Домик в пригороде внешне не похож на немецкий концлагерь, и американским домохозяйкам не грозит газовая камера. Но они тоже оказались в плену и, чтобы освободиться, должны, подобно той танцовщице, наконец распорядиться свободой и возродить в себе чувство собственной значимости. Им необходимо отказаться от существования в качестве безымянных манипулируемых созданий и вновь зажить своей жизнью, одухотворенной свободно выбранной целью. Им необходимо начать развиваться.
13. Утраченное «я»
Перевод В. Задорновой
Исследователи психики и поведения человека все больше внимания уделяют присущей человеку потребности развиваться, реализовывать все свои возможности.

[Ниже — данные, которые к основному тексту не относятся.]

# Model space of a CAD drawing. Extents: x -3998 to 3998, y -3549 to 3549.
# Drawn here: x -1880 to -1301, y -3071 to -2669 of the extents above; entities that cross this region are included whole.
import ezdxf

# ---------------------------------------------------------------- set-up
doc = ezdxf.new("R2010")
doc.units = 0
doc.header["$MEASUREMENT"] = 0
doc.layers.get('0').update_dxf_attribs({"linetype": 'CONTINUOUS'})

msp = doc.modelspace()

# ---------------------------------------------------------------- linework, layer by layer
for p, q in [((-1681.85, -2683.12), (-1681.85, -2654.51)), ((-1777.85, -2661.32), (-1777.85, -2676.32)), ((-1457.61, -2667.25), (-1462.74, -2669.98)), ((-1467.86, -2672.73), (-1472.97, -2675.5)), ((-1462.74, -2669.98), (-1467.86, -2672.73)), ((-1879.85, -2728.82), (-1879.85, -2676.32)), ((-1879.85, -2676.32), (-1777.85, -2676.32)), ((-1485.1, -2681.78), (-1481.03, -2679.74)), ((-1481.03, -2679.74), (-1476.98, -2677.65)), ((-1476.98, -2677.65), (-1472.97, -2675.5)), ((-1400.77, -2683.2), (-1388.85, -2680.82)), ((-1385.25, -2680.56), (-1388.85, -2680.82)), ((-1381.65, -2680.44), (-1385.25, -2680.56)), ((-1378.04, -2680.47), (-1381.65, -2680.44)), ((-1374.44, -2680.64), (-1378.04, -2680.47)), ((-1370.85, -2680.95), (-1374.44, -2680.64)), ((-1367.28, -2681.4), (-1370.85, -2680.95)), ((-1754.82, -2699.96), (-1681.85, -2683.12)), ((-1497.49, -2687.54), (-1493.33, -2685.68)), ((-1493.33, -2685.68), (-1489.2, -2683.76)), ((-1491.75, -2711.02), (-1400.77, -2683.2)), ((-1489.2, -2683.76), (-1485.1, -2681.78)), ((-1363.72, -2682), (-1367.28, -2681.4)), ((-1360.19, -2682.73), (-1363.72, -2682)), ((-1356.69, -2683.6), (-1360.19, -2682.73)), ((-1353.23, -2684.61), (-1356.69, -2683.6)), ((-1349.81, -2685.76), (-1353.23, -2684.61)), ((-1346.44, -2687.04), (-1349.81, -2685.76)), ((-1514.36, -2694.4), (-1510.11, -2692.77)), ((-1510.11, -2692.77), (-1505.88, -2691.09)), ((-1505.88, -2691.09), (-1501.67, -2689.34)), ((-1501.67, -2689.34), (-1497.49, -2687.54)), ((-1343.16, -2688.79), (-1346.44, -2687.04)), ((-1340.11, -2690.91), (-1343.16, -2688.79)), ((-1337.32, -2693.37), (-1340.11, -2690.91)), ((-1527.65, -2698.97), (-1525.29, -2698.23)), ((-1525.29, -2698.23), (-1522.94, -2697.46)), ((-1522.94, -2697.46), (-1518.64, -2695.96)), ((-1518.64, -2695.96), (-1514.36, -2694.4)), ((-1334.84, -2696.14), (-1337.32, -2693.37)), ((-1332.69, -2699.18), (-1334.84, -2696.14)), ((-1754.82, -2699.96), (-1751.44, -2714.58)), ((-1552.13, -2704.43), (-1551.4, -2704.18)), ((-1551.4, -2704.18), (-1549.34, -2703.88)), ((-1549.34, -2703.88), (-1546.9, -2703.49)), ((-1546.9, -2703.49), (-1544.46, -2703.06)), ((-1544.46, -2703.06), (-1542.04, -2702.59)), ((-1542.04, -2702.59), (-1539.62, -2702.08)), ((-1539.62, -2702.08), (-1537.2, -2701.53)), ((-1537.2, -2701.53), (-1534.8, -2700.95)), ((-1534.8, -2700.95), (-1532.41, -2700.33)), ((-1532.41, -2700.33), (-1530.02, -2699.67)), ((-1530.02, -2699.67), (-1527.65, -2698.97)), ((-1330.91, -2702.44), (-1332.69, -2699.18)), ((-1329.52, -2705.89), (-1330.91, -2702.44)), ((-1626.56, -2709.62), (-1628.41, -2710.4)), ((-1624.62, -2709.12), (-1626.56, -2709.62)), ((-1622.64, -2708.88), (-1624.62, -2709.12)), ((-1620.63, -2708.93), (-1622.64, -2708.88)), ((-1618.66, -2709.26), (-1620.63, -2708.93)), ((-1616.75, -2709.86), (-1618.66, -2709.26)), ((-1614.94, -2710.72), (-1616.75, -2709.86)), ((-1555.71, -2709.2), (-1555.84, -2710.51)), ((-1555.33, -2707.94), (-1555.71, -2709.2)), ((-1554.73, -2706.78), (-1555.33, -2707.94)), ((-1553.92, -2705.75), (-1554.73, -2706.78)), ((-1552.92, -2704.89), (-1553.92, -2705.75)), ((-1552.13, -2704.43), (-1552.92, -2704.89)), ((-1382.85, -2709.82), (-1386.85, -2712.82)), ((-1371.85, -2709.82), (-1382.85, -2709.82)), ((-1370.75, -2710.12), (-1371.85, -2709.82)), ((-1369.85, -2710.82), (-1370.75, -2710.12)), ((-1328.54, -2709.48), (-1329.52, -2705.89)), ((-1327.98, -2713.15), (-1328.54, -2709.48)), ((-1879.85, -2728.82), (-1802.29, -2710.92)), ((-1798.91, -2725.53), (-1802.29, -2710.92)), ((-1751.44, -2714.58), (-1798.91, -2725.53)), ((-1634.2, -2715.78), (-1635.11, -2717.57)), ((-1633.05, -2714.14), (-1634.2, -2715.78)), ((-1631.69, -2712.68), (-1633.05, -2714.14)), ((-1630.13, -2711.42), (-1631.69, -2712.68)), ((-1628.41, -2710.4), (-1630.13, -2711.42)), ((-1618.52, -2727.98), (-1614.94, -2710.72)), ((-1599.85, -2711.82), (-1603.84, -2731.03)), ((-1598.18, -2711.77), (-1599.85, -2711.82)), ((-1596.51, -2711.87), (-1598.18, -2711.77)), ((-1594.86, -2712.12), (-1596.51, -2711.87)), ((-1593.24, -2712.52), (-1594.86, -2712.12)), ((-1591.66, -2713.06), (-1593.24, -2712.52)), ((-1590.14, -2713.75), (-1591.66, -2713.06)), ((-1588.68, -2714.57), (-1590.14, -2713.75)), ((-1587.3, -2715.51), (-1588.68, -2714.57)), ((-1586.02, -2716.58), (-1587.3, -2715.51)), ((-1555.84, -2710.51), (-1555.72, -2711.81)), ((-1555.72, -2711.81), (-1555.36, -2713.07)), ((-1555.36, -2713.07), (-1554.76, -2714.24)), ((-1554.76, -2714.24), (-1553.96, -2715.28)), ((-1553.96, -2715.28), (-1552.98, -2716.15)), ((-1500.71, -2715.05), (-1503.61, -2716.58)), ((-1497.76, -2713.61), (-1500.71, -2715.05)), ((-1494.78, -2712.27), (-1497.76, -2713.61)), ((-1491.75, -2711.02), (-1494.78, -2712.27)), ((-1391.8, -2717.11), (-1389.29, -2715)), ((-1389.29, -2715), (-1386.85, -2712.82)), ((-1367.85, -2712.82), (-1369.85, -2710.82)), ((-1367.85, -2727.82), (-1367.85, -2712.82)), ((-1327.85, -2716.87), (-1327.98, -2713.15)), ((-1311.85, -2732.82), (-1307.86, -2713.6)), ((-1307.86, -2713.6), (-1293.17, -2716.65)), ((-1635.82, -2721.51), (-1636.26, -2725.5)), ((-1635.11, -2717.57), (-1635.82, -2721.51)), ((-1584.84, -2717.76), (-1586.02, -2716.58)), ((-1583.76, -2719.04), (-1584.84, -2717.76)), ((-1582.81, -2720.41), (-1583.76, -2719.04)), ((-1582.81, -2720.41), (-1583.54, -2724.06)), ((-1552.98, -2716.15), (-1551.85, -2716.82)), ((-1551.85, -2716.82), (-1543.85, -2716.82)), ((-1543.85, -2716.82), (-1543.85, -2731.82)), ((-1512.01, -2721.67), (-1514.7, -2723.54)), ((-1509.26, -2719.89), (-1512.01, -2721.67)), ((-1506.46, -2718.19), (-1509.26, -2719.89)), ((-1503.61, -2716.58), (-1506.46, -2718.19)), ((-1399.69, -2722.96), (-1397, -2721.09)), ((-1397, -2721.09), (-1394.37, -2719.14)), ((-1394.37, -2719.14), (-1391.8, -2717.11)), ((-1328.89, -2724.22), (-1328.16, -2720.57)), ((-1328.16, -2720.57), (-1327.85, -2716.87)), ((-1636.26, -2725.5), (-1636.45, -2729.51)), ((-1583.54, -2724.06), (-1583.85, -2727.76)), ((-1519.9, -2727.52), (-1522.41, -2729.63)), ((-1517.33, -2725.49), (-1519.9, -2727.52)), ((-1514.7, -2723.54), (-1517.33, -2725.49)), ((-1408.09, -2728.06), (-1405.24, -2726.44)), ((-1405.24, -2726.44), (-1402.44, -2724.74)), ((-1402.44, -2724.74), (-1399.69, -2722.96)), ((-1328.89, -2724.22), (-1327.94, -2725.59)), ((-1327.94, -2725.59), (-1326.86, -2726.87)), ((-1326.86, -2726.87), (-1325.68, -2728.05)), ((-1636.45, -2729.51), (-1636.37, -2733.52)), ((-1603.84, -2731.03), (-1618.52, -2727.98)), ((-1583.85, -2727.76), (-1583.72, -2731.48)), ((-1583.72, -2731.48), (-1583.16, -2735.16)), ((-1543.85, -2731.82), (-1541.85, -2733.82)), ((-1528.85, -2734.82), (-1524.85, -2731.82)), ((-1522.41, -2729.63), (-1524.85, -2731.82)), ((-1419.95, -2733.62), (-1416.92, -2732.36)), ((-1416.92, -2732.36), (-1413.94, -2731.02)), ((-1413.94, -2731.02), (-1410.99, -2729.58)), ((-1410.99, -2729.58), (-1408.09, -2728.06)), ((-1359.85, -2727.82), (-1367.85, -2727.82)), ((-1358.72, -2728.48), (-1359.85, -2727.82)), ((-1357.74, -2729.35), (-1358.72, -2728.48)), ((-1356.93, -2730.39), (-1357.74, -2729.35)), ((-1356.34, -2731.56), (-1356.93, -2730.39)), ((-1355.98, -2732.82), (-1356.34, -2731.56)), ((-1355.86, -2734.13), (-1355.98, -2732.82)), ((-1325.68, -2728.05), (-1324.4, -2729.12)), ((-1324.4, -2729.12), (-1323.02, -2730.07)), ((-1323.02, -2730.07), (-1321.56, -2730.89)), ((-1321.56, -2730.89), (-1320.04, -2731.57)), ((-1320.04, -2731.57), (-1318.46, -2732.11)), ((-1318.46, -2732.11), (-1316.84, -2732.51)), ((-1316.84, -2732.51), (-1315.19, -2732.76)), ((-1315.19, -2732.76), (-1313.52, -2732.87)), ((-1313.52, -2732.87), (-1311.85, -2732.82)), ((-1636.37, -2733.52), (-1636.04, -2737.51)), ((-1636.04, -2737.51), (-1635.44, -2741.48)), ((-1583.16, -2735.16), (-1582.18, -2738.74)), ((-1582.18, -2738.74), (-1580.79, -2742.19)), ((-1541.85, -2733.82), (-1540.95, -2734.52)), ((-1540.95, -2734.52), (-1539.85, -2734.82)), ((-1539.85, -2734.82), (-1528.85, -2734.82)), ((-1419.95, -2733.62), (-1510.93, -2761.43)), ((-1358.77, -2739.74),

Ученые, работавшие в разных областях, — от Бергсона до Курта Гольдстайна, Хайнца Хартмана, Олпорта, Роджерса, Юнга, Адлера, Рэнка, Хорни, Энджиала, Фромма, Мэя, Маслова, Беттельхайма, Ризмана, Тиллиха и экзистенциалистов — единодушно отмечали наличие в человеческом организме некоего инстинкта (или движущей силы), который изнутри побуждает организм к саморазвитию. Такое желание самоутвердиться, проявить свою волю, достичь самостоятельности, как бы вы это ни называли, нельзя уравнивать с обычным карьеризмом или честолюбием; это стремление индивидуума заявить о себе, стать личностью, которое требует определенного мужества.
Более того, многие из этих ученых выдвигали новую концепцию психологически здорового человека и вообще нормы и патологии в человеческом поведении. Нормальным может считаться только тот, кто стремится к полному раскрытию своих способностей. Имеется в виду, что человек может быть, счастливым, уверенным в себе, здоровым, не страдать комплексом вины, только если он развивается и реализует свой потенциал.
В этом новом подходе к психологии, при котором во главу угла ставится вопрос о том, что делает человека человеком, а причиной неврозов считается его неспособность самореализоваться, большое место занимает понятие будущего. Для индивидуума недостаточно быть любимым и уважаемым другими людьми и чувствовать связь со своей средой. Если он серьезно относится к жизни, он должен найти свое место в ней, понять свое предназначение в настоящем и будущем. Он предает себя тем, что отказывается от развития.